From the records below, return every line containing the word "amount".

(Beginning of Source information)

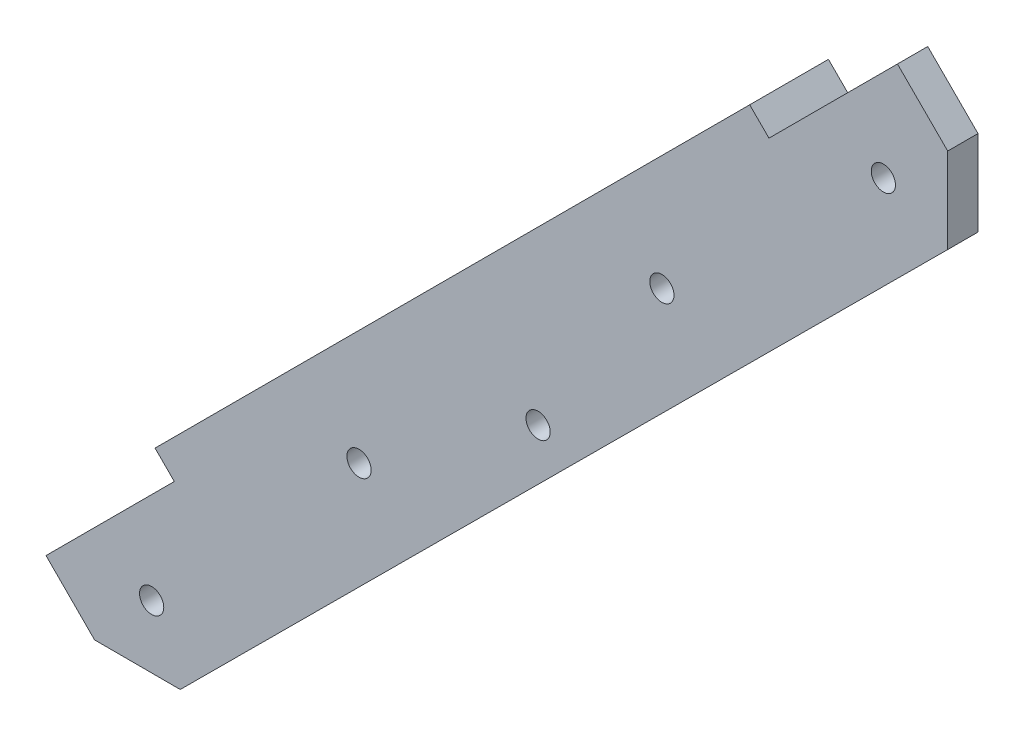
from build123d import *
from OCP.BRepFilletAPI import BRepFilletAPI_MakeChamfer

# Parameters (mm, degrees)
BOSS_EXTRUDE1_DEPTH = 5
SKETCH2_R           = 2
CUT_EXTRUDE1_DEPTH  = 15
BOSS_EXTRUDE2_DEPTH = 8
CHAMFER1_SIZE       = 10
CHAMFER1_SIZE2      = 9.982043079
CUT_EXTRUDE2_REACH  = 229.165
SKETCH4_R           = 2
SKETCH5_R           = 4
CUT_EXTRUDE3_DEPTH  = 3
CUT_EXTRUDE4_DEPTH  = 7
SKETCH7_R           = 2
CUT_EXTRUDE5_DEPTH  = 17


with BuildPart() as part:
    # Sketch1 → Boss-Extrude1 (new body)
    with BuildSketch(Plane.XY):
        Polygon((46.646446609, 27), (145, 125.000009716), (166.251364342, 146.174983473), (150.895154423, 161.531193392), (129.681985373, 140.318024342), (126.500004858, 143.500004858), (28.323223305, 45.323223305), (31.50520382, 42.141242789), (10.319228506, 20.955267476), (25.395082268, 5.825026243), align=None)
    extrude(amount=BOSS_EXTRUDE1_DEPTH)

    # Sketch2 → Cut-Extrude1 (cut)
    with BuildSketch(Plane.XY.offset(5)):
        with Locations((27.762116716, 23.256912896)):
            Circle(SKETCH2_R)
        with Locations((148.566315267, 144.061111447)):
            Circle(SKETCH2_R)
    extrude(amount=-CUT_EXTRUDE1_DEPTH, mode=Mode.SUBTRACT)

    # Sketch3 → Boss-Extrude2 (add)
    with BuildSketch(Plane(origin=(0, 0, 0), x_dir=(-1, 0, 0), z_dir=(0, 0, -1))):
        Polygon((-28.323223305, 45.323223305), (-46.613395502, 26.967067699), (-145, 125.000009716), (-126.500004858, 143.500004858), align=None)
    extrude(amount=BOSS_EXTRUDE2_DEPTH)

    # Chamfer1: one chamfer whose edges measure the first distance from different faces: ONE call of the kernel's chamfer builder (chamfer() names one face for all edges)
    chamfer1_edges_1 = [part.edges().sort_by_distance(p)[0] for p in [
        (25.395082268, 5.825026243, 2.5),
    ]]
    chamfer1_edges_2 = [part.edges().sort_by_distance(p)[0] for p in [
        (166.251364342, 146.174983473, 2.5),
    ]]
    chamfer1_side_2 = [part.faces().sort_by_distance(p)[0] for p in [
        (95.814501721, 75.991314625, -0.930462506),
    ]]
    chamfer1 = BRepFilletAPI_MakeChamfer(part.part.solid().wrapped)
    for e in chamfer1_edges_1:
        chamfer1.Add(CHAMFER1_SIZE, e.wrapped)
    for e in chamfer1_edges_2:
        chamfer1.Add(CHAMFER1_SIZE, CHAMFER1_SIZE2, e.wrapped, chamfer1_side_2[0].wrapped)  # the first distance lies on this face
    add(Compound.cast(chamfer1.Shape()), mode=Mode.REPLACE)

    # Sketch4 → Cut-Extrude2 (cut, up to next)
    with BuildSketch(Plane.XY.offset(5), mode=Mode.PRIVATE) as cut_extrude2_sk1:
        with Locations((62, 60)):
            Circle(SKETCH4_R)
    cut_extrude2_tool1 = extrude(cut_extrude2_sk1.sketch, amount=-CUT_EXTRUDE2_REACH, mode=Mode.PRIVATE) & part.part
    # Sketch4 → Cut-Extrude2 (cut, up to next)
    with BuildSketch(Plane.XY.offset(5), mode=Mode.PRIVATE) as cut_extrude2_sk2:
        with Locations((112, 110)):
            Circle(SKETCH4_R)
    cut_extrude2_tool2 = extrude(cut_extrude2_sk2.sketch, amount=-CUT_EXTRUDE2_REACH, mode=Mode.PRIVATE) & part.part
    add(cut_extrude2_tool1.solids().sort_by_distance((62, 60, 5))[0], mode=Mode.SUBTRACT)
    add(cut_extrude2_tool2.solids().sort_by_distance((112, 110, 5))[0], mode=Mode.SUBTRACT)

    # Sketch5 → Cut-Extrude3 (cut)
    with BuildSketch(Plane(origin=(0, 0, -8), x_dir=(-1, 0, 0), z_dir=(0, 0, -1))):
        with Locations(Location((-62, 60, 0), (0, 0, 90))):
            Circle(SKETCH5_R)
        with Locations(Location((-112, 110, 0), (0, 0, 90))):
            Circle(SKETCH5_R)
    extrude(amount=-CUT_EXTRUDE3_DEPTH, mode=Mode.SUBTRACT)

    # Sketch6 → Cut-Extrude4 (cut)
    with BuildSketch(Plane(origin=(0, 0, -8), x_dir=(-1, 0, 0), z_dir=(0, 0, -1))):
        Polygon((-92.220395862, 89.367799567), (-105.604656722, 85.781497678), (-109.190958611, 72.397236819), (-99.39299964, 62.599277847), (-86.00873878, 66.185579736), (-82.422436891, 79.569840596), align=None)
    extrude(amount=-CUT_EXTRUDE4_DEPTH, mode=Mode.SUBTRACT)

    # Sketch7 → Cut-Extrude5 (cut)
    with BuildSketch(Plane(origin=(0, 0, -1), x_dir=(-1, 0, 0), z_dir=(0, 0, -1))):
        with Locations(Location((-91.564057064, 80.226179394, 0), (0, 0, 90))):
            Circle(SKETCH7_R)
    extrude(amount=-CUT_EXTRUDE5_DEPTH, mode=Mode.SUBTRACT)


solid = part.part

(End of Source information)

# Answer to the problem
    extrude(amount=BOSS_EXTRUDE1_DEPTH)
    extrude(amount=-CUT_EXTRUDE1_DEPTH, mode=Mode.SUBTRACT)
    extrude(amount=BOSS_EXTRUDE2_DEPTH)
    cut_extrude2_tool1 = extrude(cut_extrude2_sk1.sketch, amount=-CUT_EXTRUDE2_REACH, mode=Mode.PRIVATE) & part.part
    cut_extrude2_tool2 = extrude(cut_extrude2_sk2.sketch, amount=-CUT_EXTRUDE2_REACH, mode=Mode.PRIVATE) & part.part
    extrude(amount=-CUT_EXTRUDE3_DEPTH, mode=Mode.SUBTRACT)
    extrude(amount=-CUT_EXTRUDE4_DEPTH, mode=Mode.SUBTRACT)
    extrude(amount=-CUT_EXTRUDE5_DEPTH, mode=Mode.SUBTRACT)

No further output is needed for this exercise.